Auch in der Analyse nach dem Spiel machte Lang einen klaren Unterschied zwischen den beiden Richtungen im Spiel seiner Mannschaft. "Grundsätzlich hat das Spiel nach vorne schon besser funktioniert", sagte er und verwies vor allem auf die erste Halbzeit, in der Alberndorf schnell in die Tiefe gekommen sei und das Spiel gut verlagert habe. Gerade in dieser Phase erspielten sich die Gastgeber nicht nur die beiden Tore, sondern kamen laut Lang auch zu einigen weiteren Chancen. Gleichzeitig sprach der Trainer aber sehr deutlich an, wo er den größten Verbesserungsbedarf sieht. "Was wir besser machen müssen, ist, dass wir gegen den Ball genauer sind und wieder Kompakter verteidigen", sagte er. Genau dort machte Lang auch den Unterschied zur zweiten Halbzeit aus, als Schönau körperlich präsenter auftrat und mit seinen Offensivakteuren immer wieder Probleme bereitete. Der Coach beschrieb die Partie insgesamt als "offenen Schlagabtausch", in dem die Gäste in den Zweikämpfen nach der Pause Vorteile hatten.

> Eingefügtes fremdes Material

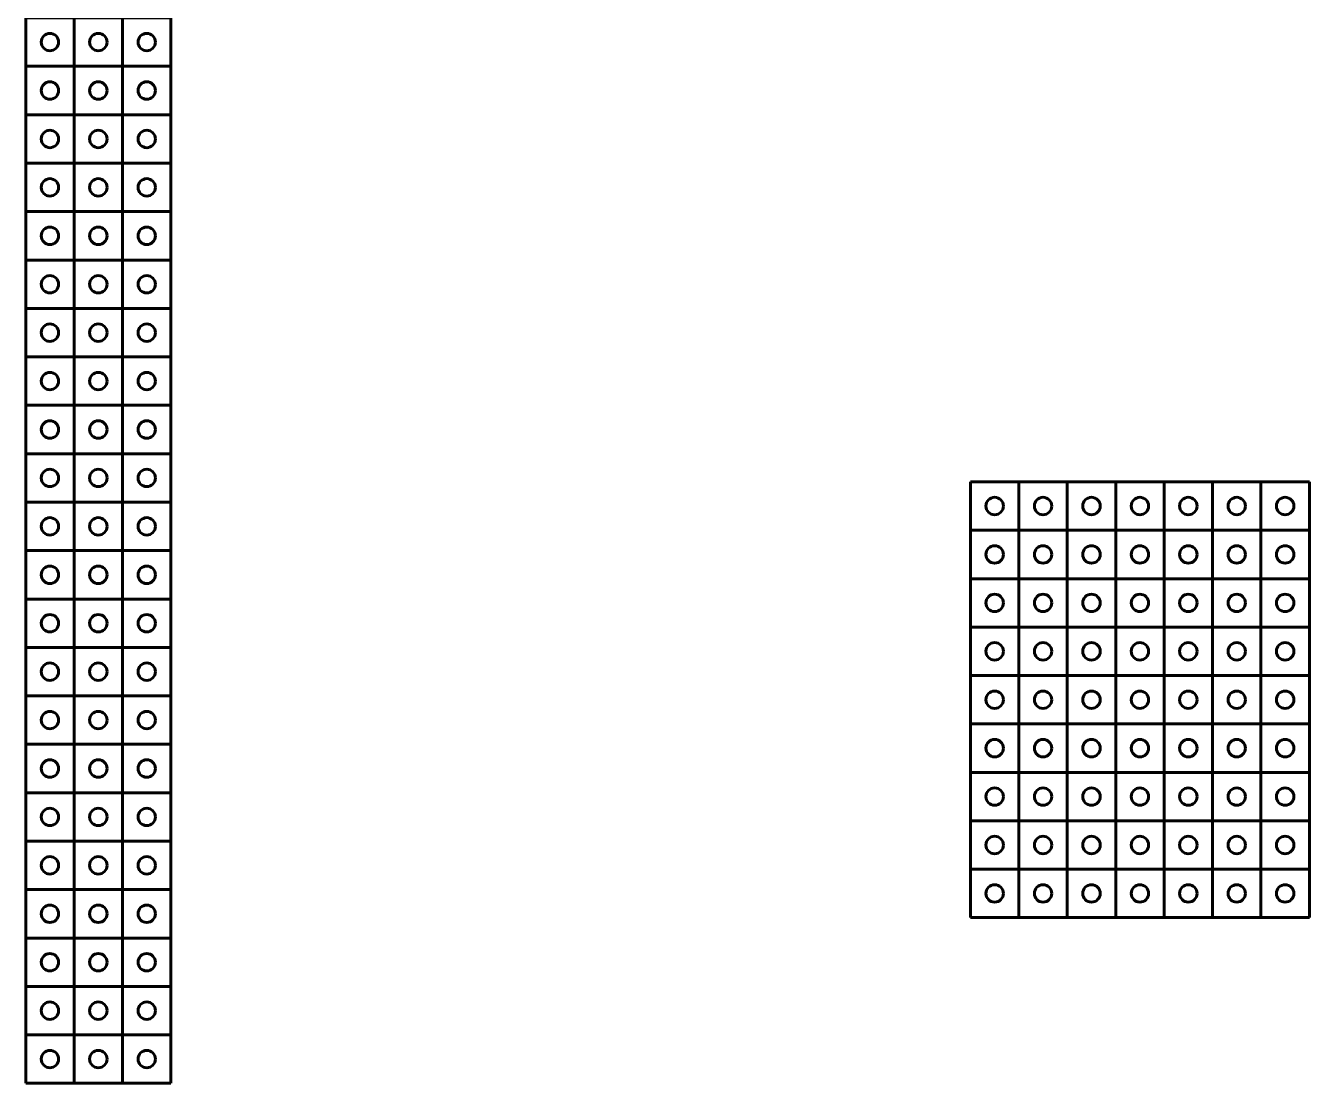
# Model space of a CAD drawing. Header units: millimetres. Extents: x -1927 to 2668, y -5887 to -3281.
# Drawn here: x 1338 to 2664, y -5471 to -4379 of the extents above; entities that cross this region are included whole.
import ezdxf

# ---------------------------------------------------------------- set-up
doc = ezdxf.new("R2010")
doc.units = ezdxf.units.MM
doc.linetypes.add('K5LT_BASIC', pattern=[0])

# ---------------------------------------------------------------- blocks, each defined once
blk = doc.blocks.new('U797')
at = {"color": 150, "linetype": 'K5LT_BASIC', "lineweight": 60, "true_color": 0x0080ff}
for p, q in [((1488, -3370.7), (1338, -3370.7)), ((1338, -3370.7), (1338, -5470.7)), ((1488, -5470.7), (1488, -3370.7)), ((1338, -5470.7), (1488, -5470.7))]:
    blk.add_line(p, q, dxfattribs=at)
blk = doc.blocks.new('U798')
at = {"color": 150, "linetype": 'K5LT_BASIC', "lineweight": 60, "true_color": 0x0080ff}
for p, q in [((1388, -5420.7), (1338, -5420.7)), ((1338, -5420.7), (1338, -5470.7)), ((1388, -5470.7), (1388, -5420.7)), ((1338, -5470.7), (1388, -5470.7))]:
    blk.add_line(p, q, dxfattribs=at)
blk = doc.blocks.new('U799')
at = {"color": 150, "linetype": 'K5LT_BASIC', "lineweight": 60, "true_color": 0x0080ff}
for p, q in [((1388, -5370.7), (1338, -5370.7)), ((1338, -5370.7), (1338, -5420.7)), ((1388, -5420.7), (1388, -5370.7)), ((1338, -5420.7), (1388, -5420.7))]:
    blk.add_line(p, q, dxfattribs=at)
blk = doc.blocks.new('U800')
at = {"color": 150, "linetype": 'K5LT_BASIC', "lineweight": 60, "true_color": 0x0080ff}
for p, q in [((1388, -5320.7), (1338, -5320.7)), ((1338, -5320.7), (1338, -5370.7)), ((1388, -5370.7), (1388, -5320.7)), ((1338, -5370.7), (1388, -5370.7))]:
    blk.add_line(p, q, dxfattribs=at)
blk = doc.blocks.new('U801')
at = {"color": 150, "linetype": 'K5LT_BASIC', "lineweight": 60, "true_color": 0x0080ff}
for p, q in [((1388, -5270.7), (1338, -5270.7)), ((1338, -5270.7), (1338, -5320.7)), ((1388, -5320.7), (1388, -5270.7)), ((1338, -5320.7), (1388, -5320.7))]:
    blk.add_line(p, q, dxfattribs=at)
blk = doc.blocks.new('U802')
at = {"color": 150, "linetype": 'K5LT_BASIC', "lineweight": 60, "true_color": 0x0080ff}
for p, q in [((1388, -5220.7), (1338, -5220.7)), ((1338, -5220.7), (1338, -5270.7)), ((1388, -5270.7), (1388, -5220.7)), ((1338, -5270.7), (1388, -5270.7))]:
    blk.add_line(p, q, dxfattribs=at)
blk = doc.blocks.new('U803')
at = {"color": 150, "linetype": 'K5LT_BASIC', "lineweight": 60, "true_color": 0x0080ff}
for p, q in [((1388, -5170.7), (1338, -5170.7)), ((1338, -5170.7), (1338, -5220.7)), ((1388, -5220.7), (1388, -5170.7)), ((1338, -5220.7), (1388, -5220.7))]:
    blk.add_line(p, q, dxfattribs=at)
blk = doc.blocks.new('U804')
at = {"color": 150, "linetype": 'K5LT_BASIC', "lineweight": 60, "true_color": 0x0080ff}
for p, q in [((1388, -5120.7), (1338, -5120.7)), ((1338, -5120.7), (1338, -5170.7)), ((1388, -5170.7), (1388, -5120.7)), ((1338, -5170.7), (1388, -5170.7))]:
    blk.add_line(p, q, dxfattribs=at)
blk = doc.blocks.new('U805')
at = {"color": 150, "linetype": 'K5LT_BASIC', "lineweight": 60, "true_color": 0x0080ff}
for p, q in [((1388, -5070.7), (1338, -5070.7)), ((1338, -5070.7), (1338, -5120.7)), ((1388, -5120.7), (1388, -5070.7)), ((1338, -5120.7), (1388, -5120.7))]:
    blk.add_line(p, q, dxfattribs=at)
blk = doc.blocks.new('U806')
at = {"color": 150, "linetype": 'K5LT_BASIC', "lineweight": 60, "true_color": 0x0080ff}
for p, q in [((1388, -5020.7), (1338, -5020.7)), ((1338, -5020.7), (1338, -5070.7)), ((1388, -5070.7), (1388, -5020.7)), ((1338, -5070.7), (1388, -5070.7))]:
    blk.add_line(p, q, dxfattribs=at)
blk = doc.blocks.new('U807')
at = {"color": 150, "linetype": 'K5LT_BASIC', "lineweight": 60, "true_color": 0x0080ff}
for p, q in [((1388, -4970.7), (1338, -4970.7)), ((1338, -4970.7), (1338, -5020.7)), ((1388, -5020.7), (1388, -4970.7)), ((1338, -5020.7), (1388, -5020.7))]:
    blk.add_line(p, q, dxfattribs=at)
blk = doc.blocks.new('U808')
at = {"color": 150, "linetype": 'K5LT_BASIC', "lineweight": 60, "true_color": 0x0080ff}
for p, q in [((1388, -4920.7), (1338, -4920.7)), ((1338, -4920.7), (1338, -4970.7)), ((1388, -4970.7), (1388, -4920.7)), ((1338, -4970.7), (1388, -4970.7))]:
    blk.add_line(p, q, dxfattribs=at)
blk = doc.blocks.new('U809')
at = {"color": 150, "linetype": 'K5LT_BASIC', "lineweight": 60, "true_color": 0x0080ff}
for p, q in [((1388, -4870.7), (1338, -4870.7)), ((1338, -4870.7), (1338, -4920.7)), ((1388, -4920.7), (1388, -4870.7)), ((1338, -4920.7), (1388, -4920.7))]:
    blk.add_line(p, q, dxfattribs=at)
blk = doc.blocks.new('U810')
at = {"color": 150, "linetype": 'K5LT_BASIC', "lineweight": 60, "true_color": 0x0080ff}
for p, q in [((1388, -4820.7), (1338, -4820.7)), ((1338, -4820.7), (1338, -4870.7)), ((1388, -4870.7), (1388, -4820.7)), ((1338, -4870.7), (1388, -4870.7))]:
    blk.add_line(p, q, dxfattribs=at)
blk = doc.blocks.new('U811')
at = {"color": 150, "linetype": 'K5LT_BASIC', "lineweight": 60, "true_color": 0x0080ff}
for p, q in [((1388, -4770.7), (1338, -4770.7)), ((1338, -4770.7), (1338, -4820.7)), ((1388, -4820.7), (1388, -4770.7)), ((1338, -4820.7), (1388, -4820.7))]:
    blk.add_line(p, q, dxfattribs=at)
blk = doc.blocks.new('U812')
at = {"color": 150, "linetype": 'K5LT_BASIC', "lineweight": 60, "true_color": 0x0080ff}
for p, q in [((1388, -4720.7), (1338, -4720.7)), ((1338, -4720.7), (1338, -4770.7)), ((1388, -4770.7), (1388, -4720.7)), ((1338, -4770.7), (1388, -4770.7))]:
    blk.add_line(p, q, dxfattribs=at)
blk = doc.blocks.new('U813')
at = {"color": 150, "linetype": 'K5LT_BASIC', "lineweight": 60, "true_color": 0x0080ff}
for p, q in [((1388, -4670.7), (1338, -4670.7)), ((1338, -4670.7), (1338, -4720.7)), ((1388, -4720.7), (1388, -4670.7)), ((1338, -4720.7), (1388, -4720.7))]:
    blk.add_line(p, q, dxfattribs=at)
blk = doc.blocks.new('U814')
at = {"color": 150, "linetype": 'K5LT_BASIC', "lineweight": 60, "true_color": 0x0080ff}
for p, q in [((1388, -4620.7), (1338, -4620.7)), ((1338, -4620.7), (1338, -4670.7)), ((1388, -4670.7), (1388, -4620.7)), ((1338, -4670.7), (1388, -4670.7))]:
    blk.add_line(p, q, dxfattribs=at)
blk = doc.blocks.new('U815')
at = {"color": 150, "linetype": 'K5LT_BASIC', "lineweight": 60, "true_color": 0x0080ff}
for p, q in [((1388, -4570.7), (1338, -4570.7)), ((1338, -4570.7), (1338, -4620.7)), ((1388, -4620.7), (1388, -4570.7)), ((1338, -4620.7), (1388, -4620.7))]:
    blk.add_line(p, q, dxfattribs=at)
blk = doc.blocks.new('U816')
at = {"color": 150, "linetype": 'K5LT_BASIC', "lineweight": 60, "true_color": 0x0080ff}
for p, q in [((1388, -4520.7), (1338, -4520.7)), ((1338, -4520.7), (1338, -4570.7)), ((1388, -4570.7), (1388, -4520.7)), ((1338, -4570.7), (1388, -4570.7))]:
    blk.add_line(p, q, dxfattribs=at)
blk = doc.blocks.new('U817')
at = {"color": 150, "linetype": 'K5LT_BASIC', "lineweight": 60, "true_color": 0x0080ff}
for p, q in [((1388, -4470.7), (1338, -4470.7)), ((1338, -4470.7), (1338, -4520.7)), ((1388, -4520.7), (1388, -4470.7)), ((1338, -4520.7), (1388, -4520.7))]:
    blk.add_line(p, q, dxfattribs=at)
blk = doc.blocks.new('U818')
at = {"color": 150, "linetype": 'K5LT_BASIC', "lineweight": 60, "true_color": 0x0080ff}
for p, q in [((1388, -4420.7), (1338, -4420.7)), ((1338, -4420.7), (1338, -4470.7)), ((1388, -4470.7), (1388, -4420.7)), ((1338, -4470.7), (1388, -4470.7))]:
    blk.add_line(p, q, dxfattribs=at)
blk = doc.blocks.new('U819')
at = {"color": 150, "linetype": 'K5LT_BASIC', "lineweight": 60, "true_color": 0x0080ff}
for p, q in [((1388, -4370.7), (1338, -4370.7)), ((1338, -4370.7), (1338, -4420.7)), ((1388, -4420.7), (1388, -4370.7)), ((1338, -4420.7), (1388, -4420.7))]:
    blk.add_line(p, q, dxfattribs=at)
blk = doc.blocks.new('U840')
at = {"color": 150, "linetype": 'K5LT_BASIC', "lineweight": 60, "true_color": 0x0080ff}
for p, q in [((1438, -5420.7), (1388, -5420.7)), ((1388, -5420.7), (1388, -5470.7)), ((1438, -5470.7), (1438, -5420.7)), ((1388, -5470.7), (1438, -5470.7))]:
    blk.add_line(p, q, dxfattribs=at)
blk = doc.blocks.new('U841')
at = {"color": 150, "linetype": 'K5LT_BASIC', "lineweight": 60, "true_color": 0x0080ff}
for p, q in [((1438, -5370.7), (1388, -5370.7)), ((1388, -5370.7), (1388, -5420.7)), ((1438, -5420.7), (1438, -5370.7)), ((1388, -5420.7), (1438, -5420.7))]:
    blk.add_line(p, q, dxfattribs=at)
blk = doc.blocks.new('U842')
at = {"color": 150, "linetype": 'K5LT_BASIC', "lineweight": 60, "true_color": 0x0080ff}
for p, q in [((1438, -5320.7), (1388, -5320.7)), ((1388, -5320.7), (1388, -5370.7)), ((1438, -5370.7), (1438, -5320.7)), ((1388, -5370.7), (1438, -5370.7))]:
    blk.add_line(p, q, dxfattribs=at)
blk = doc.blocks.new('U843')
at = {"color": 150, "linetype": 'K5LT_BASIC', "lineweight": 60, "true_color": 0x0080ff}
for p, q in [((1438, -5270.7), (1388, -5270.7)), ((1388, -5270.7), (1388, -5320.7)), ((1438, -5320.7), (1438, -5270.7)), ((1388, -5320.7), (1438, -5320.7))]:
    blk.add_line(p, q, dxfattribs=at)
blk = doc.blocks.new('U844')
at = {"color": 150, "linetype": 'K5LT_BASIC', "lineweight": 60, "true_color": 0x0080ff}
for p, q in [((1438, -5220.7), (1388, -5220.7)), ((1388, -5220.7), (1388, -5270.7)), ((1438, -5270.7), (1438, -5220.7)), ((1388, -5270.7), (1438, -5270.7))]:
    blk.add_line(p, q, dxfattribs=at)
blk = doc.blocks.new('U845')
at = {"color": 150, "linetype": 'K5LT_BASIC', "lineweight": 60, "true_color": 0x0080ff}
for p, q in [((1438, -5170.7), (1388, -5170.7)), ((1388, -5170.7), (1388, -5220.7)), ((1438, -5220.7), (1438, -5170.7)), ((1388, -5220.7), (1438, -5220.7))]:
    blk.add_line(p, q, dxfattribs=at)
blk = doc.blocks.new('U846')
at = {"color": 150, "linetype": 'K5LT_BASIC', "lineweight": 60, "true_color": 0x0080ff}
for p, q in [((1438, -5120.7), (1388, -5120.7)), ((1388, -5120.7), (1388, -5170.7)), ((1438, -5170.7), (1438, -5120.7)), ((1388, -5170.7), (1438, -5170.7))]:
    blk.add_line(p, q, dxfattribs=at)
blk = doc.blocks.new('U847')
at = {"color": 150, "linetype": 'K5LT_BASIC', "lineweight": 60, "true_color": 0x0080ff}
for p, q in [((1438, -5070.7), (1388, -5070.7)), ((1388, -5070.7), (1388, -5120.7)), ((1438, -5120.7), (1438, -5070.7)), ((1388, -5120.7), (1438, -5120.7))]:
    blk.add_line(p, q, dxfattribs=at)
blk = doc.blocks.new('U848')
at = {"color": 150, "linetype": 'K5LT_BASIC', "lineweight": 60, "true_color": 0x0080ff}
for p, q in [((1438, -5020.7), (1388, -5020.7)), ((1388, -5020.7), (1388, -5070.7)), ((1438, -5070.7), (1438, -5020.7)), ((1388, -5070.7), (1438, -5070.7))]:
    blk.add_line(p, q, dxfattribs=at)
blk = doc.blocks.new('U849')
at = {"color": 150, "linetype": 'K5LT_BASIC', "lineweight": 60, "true_color": 0x0080ff}
for p, q in [((1438, -4970.7), (1388, -4970.7)), ((1388, -4970.7), (1388, -5020.7)), ((1438, -5020.7), (1438, -4970.7)), ((1388, -5020.7), (1438, -5020.7))]:
    blk.add_line(p, q, dxfattribs=at)
blk = doc.blocks.new('U850')
at = {"color": 150, "linetype": 'K5LT_BASIC', "lineweight": 60, "true_color": 0x0080ff}
for p, q in [((1438, -4920.7), (1388, -4920.7)), ((1388, -4920.7), (1388, -4970.7)), ((1438, -4970.7), (1438, -4920.7)), ((1388, -4970.7), (1438, -4970.7))]:
    blk.add_line(p, q, dxfattribs=at)
blk = doc.blocks.new('U851')
at = {"color": 150, "linetype": 'K5LT_BASIC', "lineweight": 60, "true_color": 0x0080ff}
for p, q in [((1438, -4870.7), (1388, -4870.7)), ((1388, -4870.7), (1388, -4920.7)), ((1438, -4920.7), (1438, -4870.7)), ((1388, -4920.7), (1438, -4920.7))]:
    blk.add_line(p, q, dxfattribs=at)
blk = doc.blocks.new('U852')
at = {"color": 150, "linetype": 'K5LT_BASIC', "lineweight": 60, "true_color": 0x0080ff}
for p, q in [((1438, -4820.7), (1388, -4820.7)), ((1388, -4820.7), (1388, -4870.7)), ((1438, -4870.7), (1438, -4820.7)), ((1388, -4870.7), (1438, -4870.7))]:
    blk.add_line(p, q, dxfattribs=at)
blk = doc.blocks.new('U853')
at = {"color": 150, "linetype": 'K5LT_BASIC', "lineweight": 60, "true_color": 0x0080ff}
for p, q in [((1438, -4770.7), (1388, -4770.7)), ((1388, -4770.7), (1388, -4820.7)), ((1438, -4820.7), (1438, -4770.7)), ((1388, -4820.7), (1438, -4820.7))]:
    blk.add_line(p, q, dxfattribs=at)
blk = doc.blocks.new('U854')
at = {"color": 150, "linetype": 'K5LT_BASIC', "lineweight": 60, "true_color": 0x0080ff}
for p, q in [((1438, -4720.7), (1388, -4720.7)), ((1388, -4720.7), (1388, -4770.7)), ((1438, -4770.7), (1438, -4720.7)), ((1388, -4770.7), (1438, -4770.7))]:
    blk.add_line(p, q, dxfattribs=at)
blk = doc.blocks.new('U855')
at = {"color": 150, "linetype": 'K5LT_BASIC', "lineweight": 60, "true_color": 0x0080ff}
for p, q in [((1438, -4670.7), (1388, -4670.7)), ((1388, -4670.7), (1388, -4720.7)), ((1438, -4720.7), (1438, -4670.7)), ((1388, -4720.7), (1438, -4720.7))]:
    blk.add_line(p, q, dxfattribs=at)
blk = doc.blocks.new('U856')
at = {"color": 150, "linetype": 'K5LT_BASIC', "lineweight": 60, "true_color": 0x0080ff}
for p, q in [((1438, -4620.7), (1388, -4620.7)), ((1388, -4620.7), (1388, -4670.7)), ((1438, -4670.7), (1438, -4620.7)), ((1388, -4670.7), (1438, -4670.7))]:
    blk.add_line(p, q, dxfattribs=at)
blk = doc.blocks.new('U857')
at = {"color": 150, "linetype": 'K5LT_BASIC', "lineweight": 60, "true_color": 0x0080ff}
for p, q in [((1438, -4570.7), (1388, -4570.7)), ((1388, -4570.7), (1388, -4620.7)), ((1438, -4620.7), (1438, -4570.7)), ((1388, -4620.7), (1438, -4620.7))]:
    blk.add_line(p, q, dxfattribs=at)
blk = doc.blocks.new('U858')
at = {"color": 150, "linetype": 'K5LT_BASIC', "lineweight": 60, "true_color": 0x0080ff}
for p, q in [((1438, -4520.7), (1388, -4520.7)), ((1388, -4520.7), (1388, -4570.7)), ((1438, -4570.7), (1438, -4520.7)), ((1388, -4570.7), (1438, -4570.7))]:
    blk.add_line(p, q, dxfattribs=at)
blk = doc.blocks.new('U859')
at = {"color": 150, "linetype": 'K5LT_BASIC', "lineweight": 60, "true_color": 0x0080ff}
for p, q in [((1438, -4470.7), (1388, -4470.7)), ((1388, -4470.7), (1388, -4520.7)), ((1438, -4520.7), (1438, -4470.7)), ((1388, -4520.7), (1438, -4520.7))]:
    blk.add_line(p, q, dxfattribs=at)
blk = doc.blocks.new('U860')
at = {"color": 150, "linetype": 'K5LT_BASIC', "lineweight": 60, "true_color": 0x0080ff}
for p, q in [((1438, -4420.7), (1388, -4420.7)), ((1388, -4420.7), (1388, -4470.7)), ((1438, -4470.7), (1438, -4420.7)), ((1388, -4470.7), (1438, -4470.7))]:
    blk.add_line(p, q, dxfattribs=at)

Trotz des späten Ausgleichs wollte Lang das 3:3 nicht größer machen, als es aus seiner Sicht war. "In Summe war es ein gerechtes Unentschieden", sagte der Trainer, weil beide Mannschaften ihre guten Phasen hatten und auch zu Chancen kamen. Seine Mannschaft sei vor allem in der ersten Halbzeit besser gewesen, die Union Schönau dafür nach der Pause spielbestimmender. Auch zum Unparteiischen fand Lang nach einem aus seiner Sicht schwierigen Nachmittag einen nüchternen Zugang. "In Summe hat er das gut gemacht in einem temporeichen Match." Für Alberndorf bleibt damit zumindest der erste Zähler der noch jungen Saison. "Wir sind froh, dass wir jetzt einmal angeschrieben haben und phasenweise schon gut mithalten können mit Top-Teams der Vorsaison", sagte Lang. Gleichzeitig schob er gleich nach, woran gearbeitet werden muss: "Wir müssen definitiv schauen, dass wir wieder besser gemeinsam und leidenschaftlicher verteidigen, um weniger Gegentore zu kassieren".